Je vais être honnête avec toi, je me suis séparé mardi de mon MBpro non rétina 13" avec 8Gb de RAM et c'était amplement suffisant, que ça soit pour Photoshop, Aperture, le multitâche etc. 
Seulement je ne sais pas si dans 4-5 ans les besoins en RAM ne vont pas augmenter, avec de nouvelles applications etc...

Je serais toi j'investirais dans la RAM, je ne sais pas s'il y a d'autres avis plus constructifs peut être


----------



## bdlapierre (31 Juillet 2014)

ElGringo13 a dit:


> Je vais être honnête avec toi, je me suis séparé mardi de mon MBpro non rétina 13" avec 8Gb de RAM et c'était amplement suffisant, que ça soit pour Photoshop, Aperture, le multitâche etc.
> Seulement je ne sais pas si dans 4-5 ans les besoins en RAM ne vont pas augmenter, avec de nouvelles applications etc...
> 
> Je serais toi j'investirais dans la RAM, je ne sais pas s'il y a d'autres avis plus constructifs peut être




En multitâche je monte facilement à plus de 10 GO d'utilisation, la suite ADOBE est également gourmande en ram...
Afin de pérenniser l'achat, la RAM étant soudée 16 GO me semble indispensable...


----------



## squiddly (31 Juillet 2014)

Bonjour,

sans aucune hésitation la mémoire avant le cpu. Pour votre espace de stockage SSD, il faut bien évaluer vos besoins à long terme. C'est bdlapierre qui parlait de pérennité et il  tout à fait raison, surtout lorsque l'on investit une telle somme d'argent.
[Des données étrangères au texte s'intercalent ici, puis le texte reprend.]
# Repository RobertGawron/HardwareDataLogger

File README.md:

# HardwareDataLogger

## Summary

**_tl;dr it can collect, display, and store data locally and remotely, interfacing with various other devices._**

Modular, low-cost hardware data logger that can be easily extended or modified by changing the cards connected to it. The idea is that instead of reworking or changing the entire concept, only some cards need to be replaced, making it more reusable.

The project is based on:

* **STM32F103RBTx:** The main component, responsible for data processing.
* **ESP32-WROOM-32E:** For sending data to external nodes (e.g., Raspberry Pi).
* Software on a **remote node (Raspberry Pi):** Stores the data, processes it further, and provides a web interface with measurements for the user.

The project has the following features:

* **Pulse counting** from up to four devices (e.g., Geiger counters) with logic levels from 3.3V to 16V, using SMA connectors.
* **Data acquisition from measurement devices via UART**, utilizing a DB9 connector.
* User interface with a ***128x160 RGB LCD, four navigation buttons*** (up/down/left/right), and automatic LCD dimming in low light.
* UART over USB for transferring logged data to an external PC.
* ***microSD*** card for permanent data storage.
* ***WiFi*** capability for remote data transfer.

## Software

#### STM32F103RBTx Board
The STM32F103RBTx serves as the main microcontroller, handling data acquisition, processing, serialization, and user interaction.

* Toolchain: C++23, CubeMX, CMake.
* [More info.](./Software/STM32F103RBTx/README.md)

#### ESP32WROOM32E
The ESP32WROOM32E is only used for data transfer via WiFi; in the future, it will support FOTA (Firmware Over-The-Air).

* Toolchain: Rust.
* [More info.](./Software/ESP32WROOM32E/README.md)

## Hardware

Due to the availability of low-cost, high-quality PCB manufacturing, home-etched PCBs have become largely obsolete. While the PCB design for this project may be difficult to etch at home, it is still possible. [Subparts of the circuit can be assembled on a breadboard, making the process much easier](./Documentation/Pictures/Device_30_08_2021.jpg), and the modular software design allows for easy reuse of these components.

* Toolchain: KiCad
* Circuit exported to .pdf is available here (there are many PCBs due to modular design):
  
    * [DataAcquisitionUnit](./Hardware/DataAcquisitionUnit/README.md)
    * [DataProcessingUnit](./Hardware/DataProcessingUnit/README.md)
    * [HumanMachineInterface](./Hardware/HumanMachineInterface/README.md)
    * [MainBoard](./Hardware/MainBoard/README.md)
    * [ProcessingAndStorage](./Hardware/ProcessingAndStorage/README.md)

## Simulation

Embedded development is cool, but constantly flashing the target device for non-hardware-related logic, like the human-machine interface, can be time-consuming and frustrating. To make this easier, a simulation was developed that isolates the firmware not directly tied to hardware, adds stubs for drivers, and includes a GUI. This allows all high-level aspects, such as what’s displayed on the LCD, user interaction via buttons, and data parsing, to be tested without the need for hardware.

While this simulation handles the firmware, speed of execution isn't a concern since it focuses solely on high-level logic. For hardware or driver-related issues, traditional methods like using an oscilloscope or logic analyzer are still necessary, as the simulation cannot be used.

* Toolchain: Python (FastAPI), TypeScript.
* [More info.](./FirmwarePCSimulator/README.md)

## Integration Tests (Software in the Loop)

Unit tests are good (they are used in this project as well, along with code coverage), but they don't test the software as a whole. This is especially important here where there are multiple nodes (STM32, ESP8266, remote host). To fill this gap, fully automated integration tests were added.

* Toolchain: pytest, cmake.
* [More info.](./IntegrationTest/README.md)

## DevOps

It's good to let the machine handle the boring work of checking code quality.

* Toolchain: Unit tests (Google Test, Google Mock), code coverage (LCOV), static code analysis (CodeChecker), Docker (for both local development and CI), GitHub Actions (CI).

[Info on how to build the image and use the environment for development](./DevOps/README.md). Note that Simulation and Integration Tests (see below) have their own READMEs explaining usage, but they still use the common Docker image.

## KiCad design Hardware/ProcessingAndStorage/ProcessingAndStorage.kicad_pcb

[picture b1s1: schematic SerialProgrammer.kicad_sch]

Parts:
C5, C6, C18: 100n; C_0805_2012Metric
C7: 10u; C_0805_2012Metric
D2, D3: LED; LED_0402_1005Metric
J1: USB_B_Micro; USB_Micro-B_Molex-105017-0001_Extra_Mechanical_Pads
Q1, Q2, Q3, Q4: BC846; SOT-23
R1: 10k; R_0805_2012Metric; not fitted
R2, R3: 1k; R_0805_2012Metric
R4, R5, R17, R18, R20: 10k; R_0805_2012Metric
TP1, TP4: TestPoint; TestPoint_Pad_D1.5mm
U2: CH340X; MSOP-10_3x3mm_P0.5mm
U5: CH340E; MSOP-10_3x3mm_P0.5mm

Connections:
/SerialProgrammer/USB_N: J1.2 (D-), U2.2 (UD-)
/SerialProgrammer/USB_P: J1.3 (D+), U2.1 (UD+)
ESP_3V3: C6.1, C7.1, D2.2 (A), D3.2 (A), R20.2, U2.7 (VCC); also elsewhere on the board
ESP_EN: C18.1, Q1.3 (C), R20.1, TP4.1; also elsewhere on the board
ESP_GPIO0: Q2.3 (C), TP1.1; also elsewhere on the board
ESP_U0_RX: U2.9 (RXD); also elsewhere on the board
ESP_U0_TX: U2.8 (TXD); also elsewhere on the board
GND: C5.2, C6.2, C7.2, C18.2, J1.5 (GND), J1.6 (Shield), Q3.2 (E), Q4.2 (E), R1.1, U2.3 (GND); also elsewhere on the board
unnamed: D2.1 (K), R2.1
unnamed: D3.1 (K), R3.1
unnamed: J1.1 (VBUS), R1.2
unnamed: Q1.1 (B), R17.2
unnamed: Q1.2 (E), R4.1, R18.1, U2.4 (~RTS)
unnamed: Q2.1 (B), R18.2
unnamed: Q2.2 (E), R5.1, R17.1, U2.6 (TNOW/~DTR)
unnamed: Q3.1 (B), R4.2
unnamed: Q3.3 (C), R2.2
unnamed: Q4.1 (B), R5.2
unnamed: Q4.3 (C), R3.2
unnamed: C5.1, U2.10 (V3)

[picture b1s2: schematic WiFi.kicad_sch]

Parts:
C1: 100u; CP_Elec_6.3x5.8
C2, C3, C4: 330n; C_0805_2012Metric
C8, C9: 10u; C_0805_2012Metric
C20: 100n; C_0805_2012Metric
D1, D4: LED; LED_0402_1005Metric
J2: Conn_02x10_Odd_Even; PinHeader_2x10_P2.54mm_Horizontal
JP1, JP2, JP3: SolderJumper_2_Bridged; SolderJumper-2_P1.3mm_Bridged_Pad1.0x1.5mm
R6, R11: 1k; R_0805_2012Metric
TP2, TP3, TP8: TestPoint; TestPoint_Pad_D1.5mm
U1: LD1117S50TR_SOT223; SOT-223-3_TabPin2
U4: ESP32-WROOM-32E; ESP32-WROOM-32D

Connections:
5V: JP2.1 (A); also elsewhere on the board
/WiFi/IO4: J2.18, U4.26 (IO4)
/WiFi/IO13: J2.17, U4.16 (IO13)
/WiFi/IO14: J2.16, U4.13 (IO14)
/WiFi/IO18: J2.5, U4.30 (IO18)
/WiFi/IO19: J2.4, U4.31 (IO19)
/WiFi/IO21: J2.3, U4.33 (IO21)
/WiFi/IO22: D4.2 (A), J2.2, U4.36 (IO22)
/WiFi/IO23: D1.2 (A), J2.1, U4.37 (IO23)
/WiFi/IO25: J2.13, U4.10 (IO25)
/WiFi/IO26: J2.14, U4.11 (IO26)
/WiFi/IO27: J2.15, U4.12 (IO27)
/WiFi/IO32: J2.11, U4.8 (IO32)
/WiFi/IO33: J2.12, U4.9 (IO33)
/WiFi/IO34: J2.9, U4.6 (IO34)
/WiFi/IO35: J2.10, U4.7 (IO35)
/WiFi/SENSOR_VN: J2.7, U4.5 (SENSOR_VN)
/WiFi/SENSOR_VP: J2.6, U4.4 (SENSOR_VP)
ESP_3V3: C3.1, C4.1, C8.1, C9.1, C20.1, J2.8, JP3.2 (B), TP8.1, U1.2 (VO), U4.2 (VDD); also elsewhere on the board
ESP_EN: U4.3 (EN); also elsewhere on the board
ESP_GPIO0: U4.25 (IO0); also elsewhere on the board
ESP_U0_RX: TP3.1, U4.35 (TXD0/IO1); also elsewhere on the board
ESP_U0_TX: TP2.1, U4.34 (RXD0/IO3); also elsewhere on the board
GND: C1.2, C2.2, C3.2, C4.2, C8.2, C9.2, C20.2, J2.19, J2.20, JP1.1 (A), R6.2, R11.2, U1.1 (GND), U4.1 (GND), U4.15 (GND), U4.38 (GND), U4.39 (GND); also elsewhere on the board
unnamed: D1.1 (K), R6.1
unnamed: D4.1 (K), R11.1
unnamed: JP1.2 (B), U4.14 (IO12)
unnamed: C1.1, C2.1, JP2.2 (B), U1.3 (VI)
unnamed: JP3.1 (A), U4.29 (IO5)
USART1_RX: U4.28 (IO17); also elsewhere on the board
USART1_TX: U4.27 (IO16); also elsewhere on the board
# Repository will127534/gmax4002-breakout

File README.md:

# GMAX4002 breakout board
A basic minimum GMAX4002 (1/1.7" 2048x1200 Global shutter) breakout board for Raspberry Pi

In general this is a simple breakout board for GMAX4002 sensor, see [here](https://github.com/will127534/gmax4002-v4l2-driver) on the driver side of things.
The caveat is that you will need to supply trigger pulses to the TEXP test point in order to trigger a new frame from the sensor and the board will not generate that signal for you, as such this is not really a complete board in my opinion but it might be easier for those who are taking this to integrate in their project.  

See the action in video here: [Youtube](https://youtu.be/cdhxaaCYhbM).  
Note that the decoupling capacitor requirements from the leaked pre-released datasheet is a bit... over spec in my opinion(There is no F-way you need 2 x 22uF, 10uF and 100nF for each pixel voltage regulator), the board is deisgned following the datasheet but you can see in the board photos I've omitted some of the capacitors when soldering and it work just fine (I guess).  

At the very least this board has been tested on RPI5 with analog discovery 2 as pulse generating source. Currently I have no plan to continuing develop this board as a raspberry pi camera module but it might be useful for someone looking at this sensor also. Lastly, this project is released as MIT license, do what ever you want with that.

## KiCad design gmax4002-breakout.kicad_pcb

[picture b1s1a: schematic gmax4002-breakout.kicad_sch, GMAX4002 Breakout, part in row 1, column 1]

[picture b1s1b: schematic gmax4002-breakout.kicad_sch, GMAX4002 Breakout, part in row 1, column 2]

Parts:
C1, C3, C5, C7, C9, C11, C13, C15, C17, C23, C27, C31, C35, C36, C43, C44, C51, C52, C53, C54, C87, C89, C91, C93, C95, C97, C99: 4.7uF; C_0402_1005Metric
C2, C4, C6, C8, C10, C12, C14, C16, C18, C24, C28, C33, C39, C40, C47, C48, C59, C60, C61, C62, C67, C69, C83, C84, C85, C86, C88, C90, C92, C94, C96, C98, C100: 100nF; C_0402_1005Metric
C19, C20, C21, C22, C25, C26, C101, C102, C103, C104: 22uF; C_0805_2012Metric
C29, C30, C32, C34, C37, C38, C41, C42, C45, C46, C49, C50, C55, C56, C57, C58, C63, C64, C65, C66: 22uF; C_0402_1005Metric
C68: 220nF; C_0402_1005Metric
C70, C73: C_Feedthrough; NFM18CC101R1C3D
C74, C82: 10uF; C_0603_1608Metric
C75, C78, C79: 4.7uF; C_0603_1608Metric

Ma philosophie est assez simple à ce sujet. En choisissant un MBP, un des mes besoins primaires est la mobilité. Si, peu importe où j'utiliserai mon MBP, je dois impérativement connecter un disque externe pour ne pas manquer d'espace de stockage, c'est que je n'aurai pas fait le bon choix de config. 

Le prix du MBP haut de gamme avec la mise à niveau à 16 Go de RAM ne doit pas être très loin de la config du MBP moyen de gamme avec cpu à 2.8 GHz, de la RAM à 16 Go et de l'achat éventuel d'un disque externe.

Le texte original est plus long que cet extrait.